(Beginning of Dataset entries)
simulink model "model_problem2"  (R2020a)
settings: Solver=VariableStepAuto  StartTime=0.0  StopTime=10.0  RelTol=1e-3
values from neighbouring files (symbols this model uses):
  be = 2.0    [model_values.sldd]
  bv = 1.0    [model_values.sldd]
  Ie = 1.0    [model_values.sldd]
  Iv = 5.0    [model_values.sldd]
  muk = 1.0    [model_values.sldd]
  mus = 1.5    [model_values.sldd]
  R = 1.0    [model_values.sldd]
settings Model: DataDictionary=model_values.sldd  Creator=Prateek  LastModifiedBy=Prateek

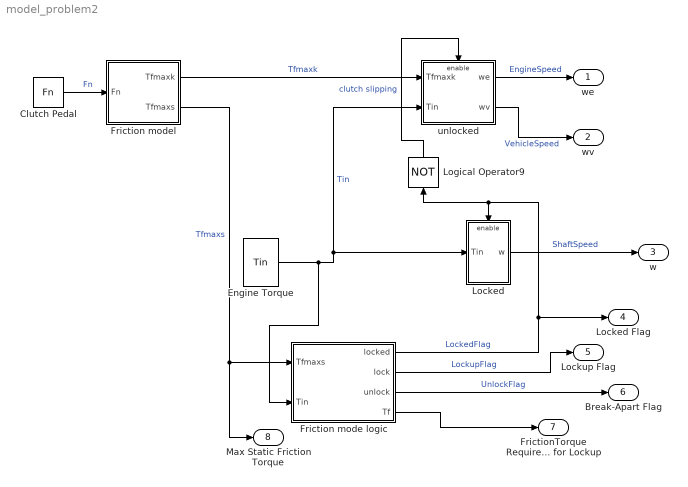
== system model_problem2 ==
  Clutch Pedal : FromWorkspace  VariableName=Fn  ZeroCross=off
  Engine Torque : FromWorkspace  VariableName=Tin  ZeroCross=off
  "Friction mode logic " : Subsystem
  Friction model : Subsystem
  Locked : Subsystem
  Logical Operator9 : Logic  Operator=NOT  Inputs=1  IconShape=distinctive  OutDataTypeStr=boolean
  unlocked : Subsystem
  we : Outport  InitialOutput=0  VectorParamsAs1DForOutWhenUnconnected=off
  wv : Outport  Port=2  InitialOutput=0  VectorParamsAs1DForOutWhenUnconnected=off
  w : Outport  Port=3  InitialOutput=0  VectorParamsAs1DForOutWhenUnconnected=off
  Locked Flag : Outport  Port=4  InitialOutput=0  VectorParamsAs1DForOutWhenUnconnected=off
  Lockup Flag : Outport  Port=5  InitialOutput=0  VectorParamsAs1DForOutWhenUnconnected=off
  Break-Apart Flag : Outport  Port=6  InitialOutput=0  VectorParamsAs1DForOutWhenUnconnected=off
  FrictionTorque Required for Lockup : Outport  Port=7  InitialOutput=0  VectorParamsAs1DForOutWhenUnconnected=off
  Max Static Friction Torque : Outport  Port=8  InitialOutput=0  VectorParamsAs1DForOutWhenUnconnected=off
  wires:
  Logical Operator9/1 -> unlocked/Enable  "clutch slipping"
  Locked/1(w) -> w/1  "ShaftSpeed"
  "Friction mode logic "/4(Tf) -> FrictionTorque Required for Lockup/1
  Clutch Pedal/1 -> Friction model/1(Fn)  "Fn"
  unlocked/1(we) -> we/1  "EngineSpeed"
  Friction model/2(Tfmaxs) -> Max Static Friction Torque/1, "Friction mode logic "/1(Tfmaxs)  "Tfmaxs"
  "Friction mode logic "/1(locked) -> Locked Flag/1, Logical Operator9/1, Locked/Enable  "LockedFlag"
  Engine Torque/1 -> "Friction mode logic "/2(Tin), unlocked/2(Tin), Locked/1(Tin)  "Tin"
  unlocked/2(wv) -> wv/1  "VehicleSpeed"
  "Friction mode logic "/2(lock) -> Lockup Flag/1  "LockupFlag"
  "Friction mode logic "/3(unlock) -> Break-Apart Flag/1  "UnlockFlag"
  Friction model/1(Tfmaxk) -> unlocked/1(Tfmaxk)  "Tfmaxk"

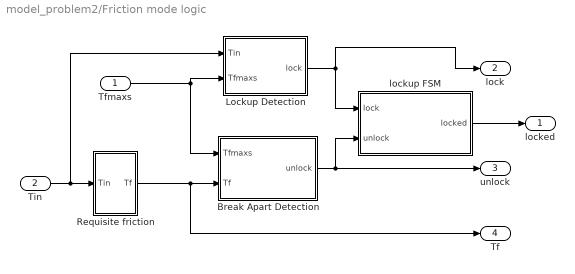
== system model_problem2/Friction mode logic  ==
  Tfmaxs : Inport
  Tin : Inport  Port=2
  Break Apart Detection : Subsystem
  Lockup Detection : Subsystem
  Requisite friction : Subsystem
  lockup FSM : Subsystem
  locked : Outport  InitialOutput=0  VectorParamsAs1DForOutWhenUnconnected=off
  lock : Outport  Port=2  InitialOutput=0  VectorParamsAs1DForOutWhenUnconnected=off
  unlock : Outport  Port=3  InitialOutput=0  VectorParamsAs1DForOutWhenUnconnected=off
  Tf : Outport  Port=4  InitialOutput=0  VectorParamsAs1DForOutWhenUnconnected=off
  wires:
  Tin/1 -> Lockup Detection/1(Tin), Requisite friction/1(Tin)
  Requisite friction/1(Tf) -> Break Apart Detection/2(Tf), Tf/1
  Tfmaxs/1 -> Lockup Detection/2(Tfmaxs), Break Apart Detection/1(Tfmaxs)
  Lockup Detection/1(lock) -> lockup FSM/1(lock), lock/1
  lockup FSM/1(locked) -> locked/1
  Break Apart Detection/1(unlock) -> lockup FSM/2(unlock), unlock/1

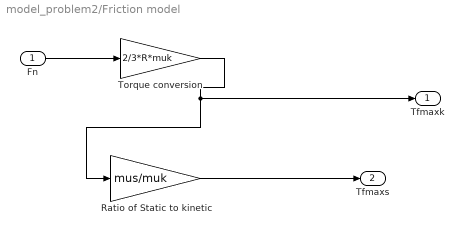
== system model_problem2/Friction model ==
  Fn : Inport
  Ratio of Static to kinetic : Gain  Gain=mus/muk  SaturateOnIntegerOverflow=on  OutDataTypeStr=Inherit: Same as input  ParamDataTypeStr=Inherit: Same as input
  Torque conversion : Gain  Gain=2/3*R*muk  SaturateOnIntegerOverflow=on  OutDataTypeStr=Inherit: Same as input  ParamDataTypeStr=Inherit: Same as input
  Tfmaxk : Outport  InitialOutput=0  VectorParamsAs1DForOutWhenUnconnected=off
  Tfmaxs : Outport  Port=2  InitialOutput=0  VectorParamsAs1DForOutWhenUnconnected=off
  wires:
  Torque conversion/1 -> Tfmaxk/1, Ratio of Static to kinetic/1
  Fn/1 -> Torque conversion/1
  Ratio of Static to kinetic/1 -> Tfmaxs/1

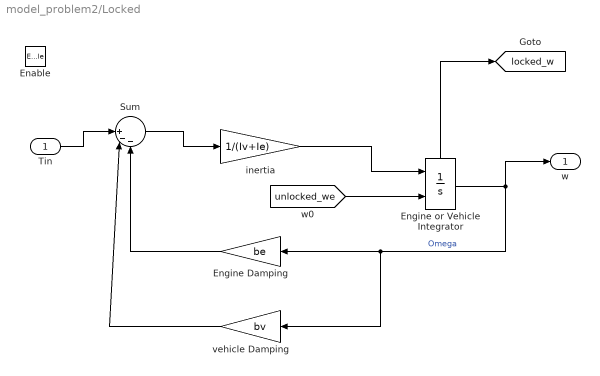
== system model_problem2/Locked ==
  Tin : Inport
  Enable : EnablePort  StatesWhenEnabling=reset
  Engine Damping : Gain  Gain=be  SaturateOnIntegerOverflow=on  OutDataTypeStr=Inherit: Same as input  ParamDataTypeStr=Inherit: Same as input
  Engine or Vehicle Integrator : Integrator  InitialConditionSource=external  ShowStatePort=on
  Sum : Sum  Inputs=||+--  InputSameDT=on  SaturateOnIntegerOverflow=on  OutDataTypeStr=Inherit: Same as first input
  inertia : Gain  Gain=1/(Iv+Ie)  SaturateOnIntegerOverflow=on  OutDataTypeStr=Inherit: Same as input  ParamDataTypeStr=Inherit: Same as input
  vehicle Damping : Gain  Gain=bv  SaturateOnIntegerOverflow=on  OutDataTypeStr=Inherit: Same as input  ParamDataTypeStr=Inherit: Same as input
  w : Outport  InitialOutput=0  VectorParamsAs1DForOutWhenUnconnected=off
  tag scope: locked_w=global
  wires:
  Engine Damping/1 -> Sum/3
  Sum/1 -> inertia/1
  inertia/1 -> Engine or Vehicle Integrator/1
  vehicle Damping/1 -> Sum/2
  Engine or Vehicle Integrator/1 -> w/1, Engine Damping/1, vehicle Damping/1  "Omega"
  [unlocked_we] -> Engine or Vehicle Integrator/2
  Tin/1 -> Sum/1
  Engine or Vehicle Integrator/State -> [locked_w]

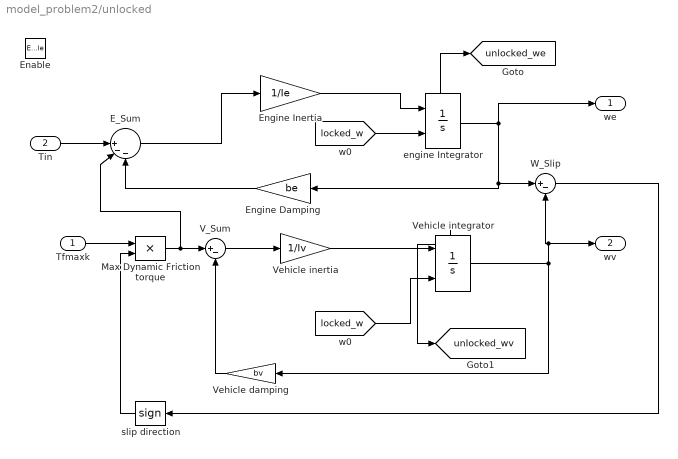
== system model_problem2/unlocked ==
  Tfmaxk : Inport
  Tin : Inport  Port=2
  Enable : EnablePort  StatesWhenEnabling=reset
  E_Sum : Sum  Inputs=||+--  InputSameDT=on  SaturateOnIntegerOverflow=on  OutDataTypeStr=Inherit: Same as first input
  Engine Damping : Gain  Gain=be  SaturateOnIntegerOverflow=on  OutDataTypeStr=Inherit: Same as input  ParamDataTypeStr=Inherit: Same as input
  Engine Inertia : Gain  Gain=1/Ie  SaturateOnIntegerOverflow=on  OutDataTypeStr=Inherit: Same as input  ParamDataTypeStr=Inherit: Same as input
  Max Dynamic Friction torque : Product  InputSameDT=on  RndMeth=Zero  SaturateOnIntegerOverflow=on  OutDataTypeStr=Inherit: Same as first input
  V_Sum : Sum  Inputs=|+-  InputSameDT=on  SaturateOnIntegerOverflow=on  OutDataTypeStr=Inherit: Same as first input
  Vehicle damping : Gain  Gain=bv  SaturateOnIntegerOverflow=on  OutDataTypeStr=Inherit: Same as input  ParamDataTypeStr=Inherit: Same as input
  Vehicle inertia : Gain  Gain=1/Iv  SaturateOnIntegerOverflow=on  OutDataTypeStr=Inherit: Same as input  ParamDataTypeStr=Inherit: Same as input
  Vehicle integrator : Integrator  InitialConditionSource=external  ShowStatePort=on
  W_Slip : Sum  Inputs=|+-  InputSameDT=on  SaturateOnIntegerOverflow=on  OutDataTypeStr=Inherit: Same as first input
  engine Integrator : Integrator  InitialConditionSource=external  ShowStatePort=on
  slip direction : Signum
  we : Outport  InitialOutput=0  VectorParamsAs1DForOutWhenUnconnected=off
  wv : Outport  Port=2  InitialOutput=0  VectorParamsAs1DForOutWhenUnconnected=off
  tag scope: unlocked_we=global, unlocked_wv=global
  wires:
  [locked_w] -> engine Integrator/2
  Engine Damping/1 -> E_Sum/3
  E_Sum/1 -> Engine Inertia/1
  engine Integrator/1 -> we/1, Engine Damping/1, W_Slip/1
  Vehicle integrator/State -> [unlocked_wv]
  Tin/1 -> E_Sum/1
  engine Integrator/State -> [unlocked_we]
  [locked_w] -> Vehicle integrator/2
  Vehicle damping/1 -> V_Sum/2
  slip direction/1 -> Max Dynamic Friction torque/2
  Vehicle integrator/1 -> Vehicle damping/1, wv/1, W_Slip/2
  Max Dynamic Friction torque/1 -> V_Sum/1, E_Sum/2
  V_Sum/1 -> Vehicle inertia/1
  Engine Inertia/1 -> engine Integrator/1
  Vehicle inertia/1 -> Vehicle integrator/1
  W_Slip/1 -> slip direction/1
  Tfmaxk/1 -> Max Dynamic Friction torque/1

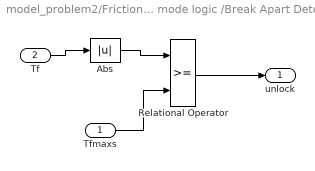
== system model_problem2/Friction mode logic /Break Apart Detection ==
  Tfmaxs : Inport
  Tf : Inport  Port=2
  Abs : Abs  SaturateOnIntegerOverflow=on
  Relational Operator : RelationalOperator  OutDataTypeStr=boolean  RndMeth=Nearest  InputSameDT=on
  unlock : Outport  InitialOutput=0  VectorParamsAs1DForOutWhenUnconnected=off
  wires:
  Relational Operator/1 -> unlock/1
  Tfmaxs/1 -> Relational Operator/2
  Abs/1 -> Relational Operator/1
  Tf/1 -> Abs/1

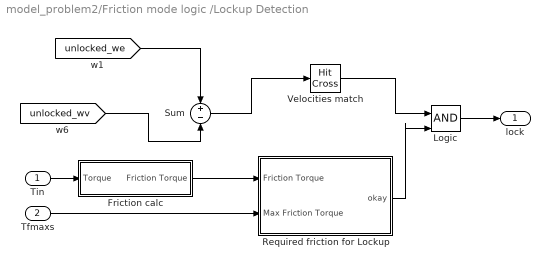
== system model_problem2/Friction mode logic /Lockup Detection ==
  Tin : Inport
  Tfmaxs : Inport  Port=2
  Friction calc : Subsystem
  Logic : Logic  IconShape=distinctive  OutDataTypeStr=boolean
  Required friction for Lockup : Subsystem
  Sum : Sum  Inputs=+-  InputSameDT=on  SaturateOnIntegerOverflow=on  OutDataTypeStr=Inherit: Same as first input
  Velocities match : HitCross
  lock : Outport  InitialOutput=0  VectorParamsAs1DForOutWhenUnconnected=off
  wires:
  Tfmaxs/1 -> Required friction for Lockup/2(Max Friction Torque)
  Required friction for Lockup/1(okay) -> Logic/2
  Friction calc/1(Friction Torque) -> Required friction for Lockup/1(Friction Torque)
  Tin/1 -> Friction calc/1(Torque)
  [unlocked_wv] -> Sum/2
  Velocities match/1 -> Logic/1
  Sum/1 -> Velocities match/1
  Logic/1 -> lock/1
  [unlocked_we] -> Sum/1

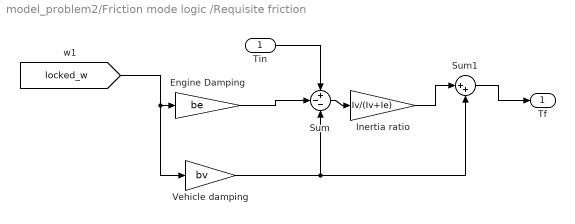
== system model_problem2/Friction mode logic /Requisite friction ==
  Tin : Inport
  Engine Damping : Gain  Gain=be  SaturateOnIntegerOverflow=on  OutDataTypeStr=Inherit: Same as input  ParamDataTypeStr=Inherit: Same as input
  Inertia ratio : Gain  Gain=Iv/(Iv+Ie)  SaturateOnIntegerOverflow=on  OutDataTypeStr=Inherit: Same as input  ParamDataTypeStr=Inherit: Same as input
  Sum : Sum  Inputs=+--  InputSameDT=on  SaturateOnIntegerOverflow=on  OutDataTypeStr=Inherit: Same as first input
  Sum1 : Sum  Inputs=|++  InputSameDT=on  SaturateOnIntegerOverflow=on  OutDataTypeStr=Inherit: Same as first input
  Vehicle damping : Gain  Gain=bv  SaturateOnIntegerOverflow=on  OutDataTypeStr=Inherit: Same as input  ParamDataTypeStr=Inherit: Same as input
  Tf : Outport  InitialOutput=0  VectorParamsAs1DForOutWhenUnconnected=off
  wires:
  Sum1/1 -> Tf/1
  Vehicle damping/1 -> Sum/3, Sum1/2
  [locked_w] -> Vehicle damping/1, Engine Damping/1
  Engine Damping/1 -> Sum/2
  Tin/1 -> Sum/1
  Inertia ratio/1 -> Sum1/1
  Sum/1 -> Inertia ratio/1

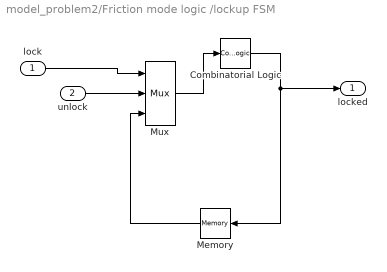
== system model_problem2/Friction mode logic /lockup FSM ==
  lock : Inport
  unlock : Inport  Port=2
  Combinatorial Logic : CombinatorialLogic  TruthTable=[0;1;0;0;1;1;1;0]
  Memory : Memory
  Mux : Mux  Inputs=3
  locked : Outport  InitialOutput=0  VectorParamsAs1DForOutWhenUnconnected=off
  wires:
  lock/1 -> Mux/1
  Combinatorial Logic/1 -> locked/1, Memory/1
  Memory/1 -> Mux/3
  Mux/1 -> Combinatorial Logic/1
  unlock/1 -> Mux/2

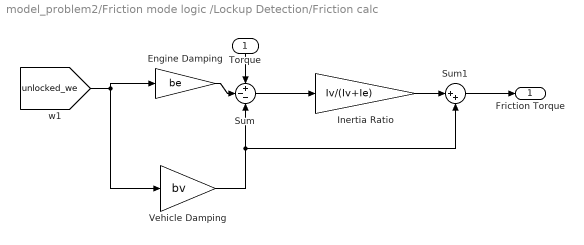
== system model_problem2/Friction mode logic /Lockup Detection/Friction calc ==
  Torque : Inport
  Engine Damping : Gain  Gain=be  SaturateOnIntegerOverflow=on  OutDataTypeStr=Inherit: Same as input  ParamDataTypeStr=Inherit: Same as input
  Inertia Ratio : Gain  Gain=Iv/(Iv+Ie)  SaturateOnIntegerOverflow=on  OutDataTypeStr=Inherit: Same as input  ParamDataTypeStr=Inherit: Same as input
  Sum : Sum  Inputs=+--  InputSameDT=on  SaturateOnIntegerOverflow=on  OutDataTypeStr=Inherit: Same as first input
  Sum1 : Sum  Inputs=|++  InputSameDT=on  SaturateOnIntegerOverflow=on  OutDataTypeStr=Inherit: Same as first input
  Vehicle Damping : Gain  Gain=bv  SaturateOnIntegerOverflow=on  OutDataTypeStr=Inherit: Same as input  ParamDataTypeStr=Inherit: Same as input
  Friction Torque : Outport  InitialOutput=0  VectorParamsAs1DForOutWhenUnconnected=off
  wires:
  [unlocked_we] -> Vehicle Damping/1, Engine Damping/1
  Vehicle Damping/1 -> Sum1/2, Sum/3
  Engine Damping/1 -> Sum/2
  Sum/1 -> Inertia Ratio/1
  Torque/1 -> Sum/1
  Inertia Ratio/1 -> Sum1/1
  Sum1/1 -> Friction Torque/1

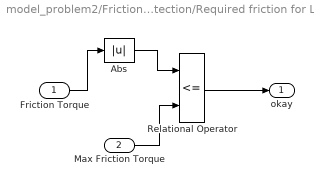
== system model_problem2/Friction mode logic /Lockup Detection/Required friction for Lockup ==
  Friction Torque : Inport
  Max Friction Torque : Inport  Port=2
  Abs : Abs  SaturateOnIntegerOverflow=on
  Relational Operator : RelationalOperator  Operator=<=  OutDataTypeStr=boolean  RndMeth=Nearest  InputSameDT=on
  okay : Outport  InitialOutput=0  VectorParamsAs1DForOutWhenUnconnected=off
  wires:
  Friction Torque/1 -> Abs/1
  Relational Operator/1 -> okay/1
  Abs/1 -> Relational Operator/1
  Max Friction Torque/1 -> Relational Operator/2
(End of Dataset entries)
- What to work on
Copy out only the lines of the records above from the one with "Logical Operator9 : Logic" through the one with "Locked/1(w) -> w/1", exactly as they stand, both included.

- Exercise output
  Logical Operator9 : Logic  Operator=NOT  Inputs=1  IconShape=distinctive  OutDataTypeStr=boolean
  unlocked : Subsystem
  we : Outport  InitialOutput=0  VectorParamsAs1DForOutWhenUnconnected=off
  wv : Outport  Port=2  InitialOutput=0  VectorParamsAs1DForOutWhenUnconnected=off
  w : Outport  Port=3  InitialOutput=0  VectorParamsAs1DForOutWhenUnconnected=off
  Locked Flag : Outport  Port=4  InitialOutput=0  VectorParamsAs1DForOutWhenUnconnected=off
  Lockup Flag : Outport  Port=5  InitialOutput=0  VectorParamsAs1DForOutWhenUnconnected=off
  Break-Apart Flag : Outport  Port=6  InitialOutput=0  VectorParamsAs1DForOutWhenUnconnected=off
  FrictionTorque Required for Lockup : Outport  Port=7  InitialOutput=0  VectorParamsAs1DForOutWhenUnconnected=off
  Max Static Friction Torque : Outport  Port=8  InitialOutput=0  VectorParamsAs1DForOutWhenUnconnected=off
  wires:
  Logical Operator9/1 -> unlocked/Enable  "clutch slipping"
  Locked/1(w) -> w/1  "ShaftSpeed"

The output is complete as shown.